The Competitive Arena : Local Saudi firms benefit from cultural understanding but face scaling challenges. Global firms must genuinely "glocalize," investing in local talent and adapting models. Failure risks commoditization or being sidelined. The "war for local talent" will intensify, making talent management critical.

Final Thought : The Bedrock of Business : Trust in a Transformed Market

Trust is paramount in Saudi Arabia's new consulting paradigm : "If people like you, they’ll listen to you. But if they trust you, they’ll do business with you". Trust is earned through consistent action, long-term commitment, cultural understanding, high-touch leadership, and delivering tangible outcomes "in person, over time, on the ground".

This shift may signify a move from "consulting colonialism" to co-creation and partnership, reflecting a global trend where economies seek equitable relationships. The emphasis on "cultural alignment," "IP ownership," and a "Saudi-Led Consulting Stack" indicates a desire for national control and mutual benefit, addressing past frustrations with perceived imbalances.
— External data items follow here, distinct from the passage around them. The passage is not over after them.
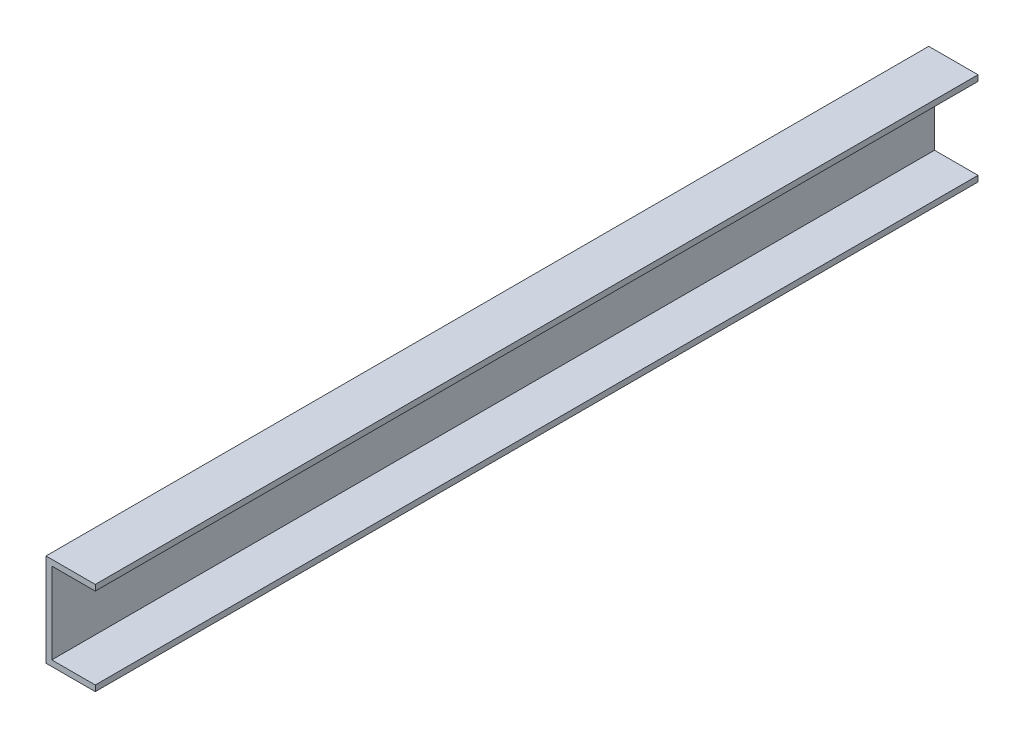
SolidWorks part; units mm, degrees
material "5052-H32"
ref_plane "Front Plane" through (0, 0, 0) normal (0, 0, 1) x (1, 0, 0)
ref_plane "Top Plane" through (0, 0, 0) normal (0, 1, 0) x (1, 0, 0)
ref_plane "Right Plane" through (0, 0, 0) normal (1, 0, 0) x (0, 0, -1)
sketch "Sketch1" plane through (0, 0, 0) normal (0, 0, 1) x (1, 0, 0)
  line L0 (0, 0) -> (26.931, 0)
  line L1 (0, 0) -> (0, 50.8)
  line L2 (0, 50.8) -> (26.931, 50.8)
  line L3 (26.931, 50.8) -> (26.931, 47.625)
  line L4 (26.931, 47.625) -> (3.175, 47.625)
  line L5 (3.175, 47.625) -> (3.175, 3.175)
  line L6 (3.175, 3.175) -> (26.931, 3.175)
  line L7 (26.931, 3.175) -> (26.931, 0)
  dimension "D1" = 50.8
  dimension "D2" = 3.175
  dimension "D3" = 3.175
extrude "Boss-Extrude1" add sketch "Sketch1" along normal mid plane 482.6
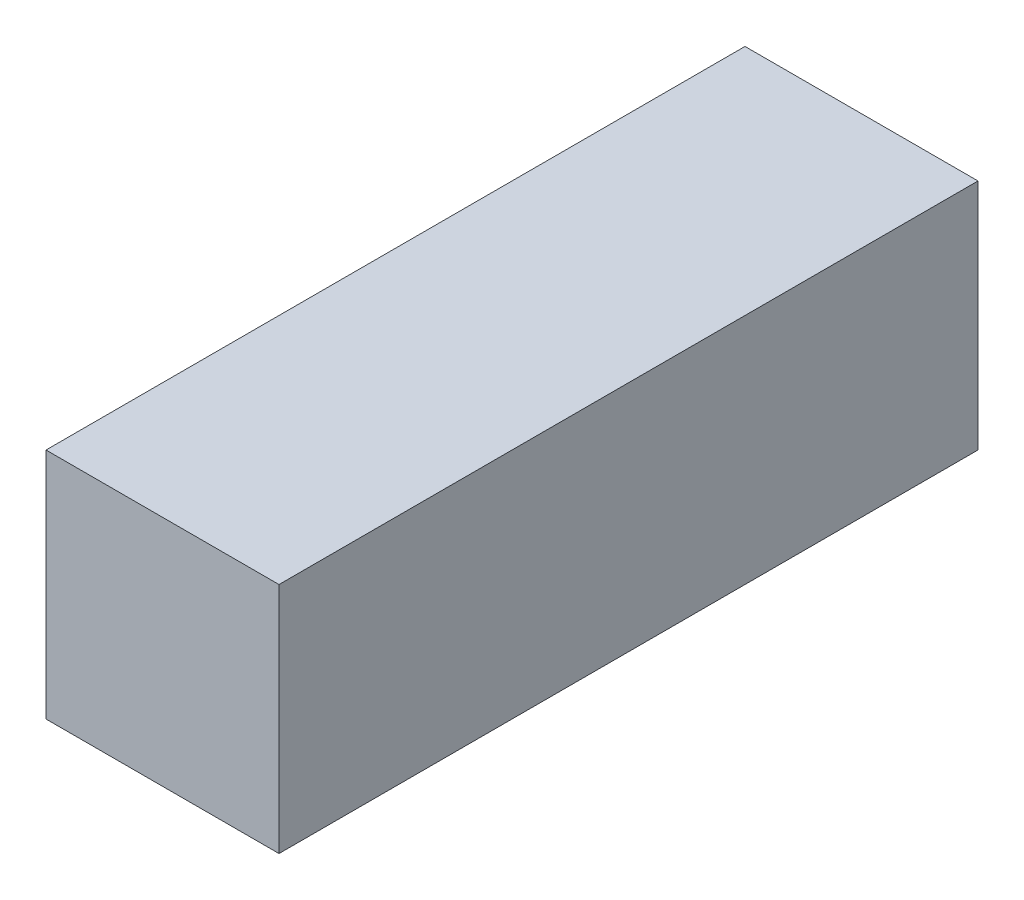
SolidWorks part; units mm, degrees
ref_plane "Front Plane" through (0, 0, 0) normal (0, 0, 1) x (1, 0, 0)
ref_plane "Top Plane" through (0, 0, 0) normal (0, 1, 0) x (1, 0, 0)
ref_plane "Right Plane" through (0, 0, 0) normal (1, 0, 0) x (0, 0, -1)
sketch "Sketch1" plane through (0, 0, 0) normal (0, 1, 0) x (1, 0, 0)
  line L1 (-57.5042, 559.0381) -> (142.4958, 559.0381)
  line L2 (-57.5042, 559.0381) -> (-57.5042, -40.9619)
  line L3 (-57.5042, -40.9619) -> (142.4958, -40.9619)
  line L4 (142.4958, 559.0381) -> (142.4958, -40.9619)
  dimension "D1" = 200
  dimension "D2" = 600
extrude "Boss-Extrude1" add sketch "Sketch1" along normal blind 200

Firms that thrive will be long-term partners, requiring deep cultural immersion and strategic alignment. Vision 2030's success relies on trustworthy partners. If Saudi Arabia successfully reshapes its consulting sector, it could model for other nations undergoing similar transformations, offering lessons in Saudization, data sovereignty, outcome-based contracting, and local IP development. The future belongs to those who build this bedrock of trust.